My original idea was to use a NAS as a music file store and sync it with OneDrive a) for access anywhere, b) automatic backup, c) serving to non-PC devices such as TV and STB (in my case, Sony Bravia, Humax Freeview), d) phone & e) other devices maybe wi-fi speakers etc.
When MS had Groove / WMP and OneDrive and given I had a Windows environment, phone etc, this was a reasonable solution - especially with the addition of JRiver.
I bought a Seagate Personal Cloud for just this purpose.
- The ability to sync it (or selected folders) with OneDrive no longer works because Microsoft have stopped Windows 10 supporting SMB 1. This is for security reasons and although there used to be a workround, I found it complex and unreliable and anyway working round security is not good.
- Seagate Personal Cloud is no longer supported by Seagate (that's what their support emailed to me today).
- WD MyCloud - I have asked the same question about OneDrive sync but suspect from searching that the same answer (SMB 1) will apply.
- IMHO it's a disgrace that major NAS brands wash their hands of this when their website and product info still say it's possible - as does their product application when fully updated.
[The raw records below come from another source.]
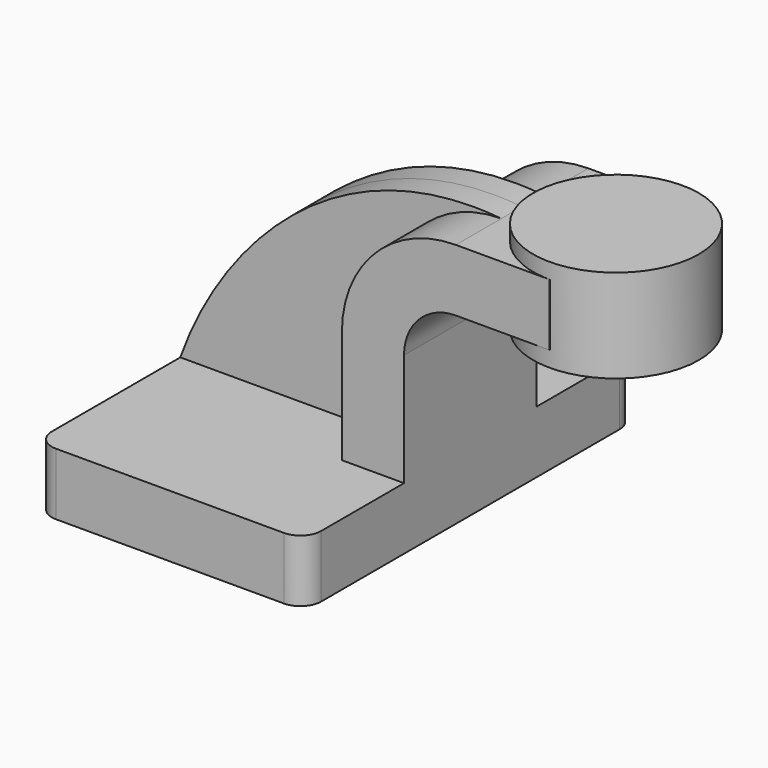
from build123d import *

# Parameters (mm, degrees)
F1_DEPTH = 63.5
F0_W     = 25.4
F0_H     = 19.05
F2_DEPTH = 25.4
F3_DEPTH = 7.9375
F5_R     = 6.35


with BuildPart() as f1:
    # F0 (on Front) → F1 (new body, symmetric)
    with BuildSketch(Plane.XZ):
        Polygon((41.275, -9.525), (41.275, 9.525), (22.225, 9.525), (-41.275, 9.525), (-41.275, -9.525), align=None)
    extrude(amount=F1_DEPTH, both=True)

    # F0 (on Front) → F2 (join, symmetric)
    with BuildSketch(Plane.XZ):
        with BuildLine():
            Line((22.225, 9.525), (41.275, 9.525))
            Line((41.275, 9.525), (41.275, 44.0600354195))
            ThreePointArc((41.275, 44.0600354195), (45.9246798487, 55.2853555708), (57.15, 59.9350354195))
            Line((57.15, 59.9350354195), (60.5272703528, 59.9350354195))
            Line((60.5272703528, 59.9350354195), (60.5272703528, 78.9850354195))
            Line((60.5272703528, 78.9850354195), (57.15, 78.9850354195))
            ThreePointArc((57.15, 78.9850354195), (32.4542956671, 68.7557397524), (22.225, 44.0600354195))
            Line((22.225, 44.0600354195), (22.225, 9.525))
        make_face()
        with Locations((73.2272703528, 69.4600354195)):
            Rectangle(F0_W, F0_H)
    extrude(amount=F2_DEPTH, both=True)

    # F0 (on Front) → F3 (join, symmetric)
    with BuildSketch(Plane.XZ):
        with BuildLine():
            Line((-41.275, 9.525), (22.225, 9.525))
            Line((22.225, 9.525), (22.225, 44.0600354195))
            ThreePointArc((22.225, 44.0600354195), (32.4542956671, 68.7557397524), (57.15, 78.9850354195))
            add(Edge.make_bspline(
                [(-41.275, 9.525), (-28.850948438, 44.7817482054), (6.0363649391, 83.8745053786), (57.15, 78.9850354195)],
                knots=[0, 0, 0, 0, 120.4664980211, 120.4664980211, 120.4664980211, 120.4664980211], degree=3))
        make_face()
    extrude(amount=F3_DEPTH, both=True)

    # F5
    f5_edges = [f1.edges().sort_by_distance(p)[0] for p in [
        (41.275, -63.5, 0),
        (-41.275, -63.5, 0),
        (-41.275, 63.5, 0),
        (41.275, 63.5, 0),
    ]]
    fillet(f5_edges, radius=F5_R)


with BuildPart() as f4:
    # F0 (on Front) → F4 (revolve)
    with BuildSketch(Plane.XZ):
        Polygon((85.9272703528, 78.9850354195), (85.9272703528, 59.9350354195), (85.9272703528, 55.1725354195), (111.3272703528, 55.1725354195), (111.3272703528, 83.7475354195), (85.9272703528, 83.7475354195), align=None)
    revolve(axis=Axis((85.9272703528, 0, 69.4600354195), (0, 0, -1)))


solid = Compound([f1.part, f4.part])

Come clean, if this was properly stated on their support sites, it would be more honest and save customer time.
- Formats are still an issue. Neither Sony nor Humax currently support flac and all my original purchased CDs are ripped to that (wma is twice the size and I don't want to rip to compressed formats).
- NASes / STB / TV don't always cope easily with searching, displaying and viewing files - I've not found them particularly easy/nice to use.
What this is coming down to is that I've moved away from my "making it work without a PC in the loop" idea. I'm planning to stick a nice big SSD (quietness) in a dedicated media PC running Windows and JRiver. Set this up properly and I should be able to:
- Serve flac audio to any PC, phone, device on the local network
- Keep the audio files on a folder which is sync'ed to OneDrive so they're backed up and available anywhere.
- Use JRiver to sync files to my phone (which now has JRiver for Android so I don't need to share that data with Google by using Play)
- Could use JRiver or JRiver Remote to send audio from the media server PC to TV, STB or other local device.
- could use a JRiver IdPi as endpoint either for quality or support other systems (e.g. analogue hi-fi)
This loses the idea of using OneDrive to backup the NAS directly and replaces it with the need to keep a PC powered on as well as a device to control JRiver. Not green but addresses the practical issues (and if Seagate / WD can't be bothered to fix their issue, I certainly don't have the tech ability to do so). I will be able to access the flac on any local device, send it around the network, sync it to phone, play it there and play it on any remote device that can access OneDrive. I can't use the TV or STB native apps to play audio but they don't support flac anyway so I'd have to maintain a converted copy.
I can also backup the media server PC (and all its content) using an external HDD (or the NAS) using FileHistory and/or Windows 7 Backup so covered in two directions (OneDrive and local).
I can also setup getiplayer on the media PC to handle the BBC radio recording automatically.
I guess much of this would also apply in the TV / video environment.
I offer this if anyone else has come across this "NAS doesn't cut it anymore because of SMB 1 stopping" issue and also has any better suggestions.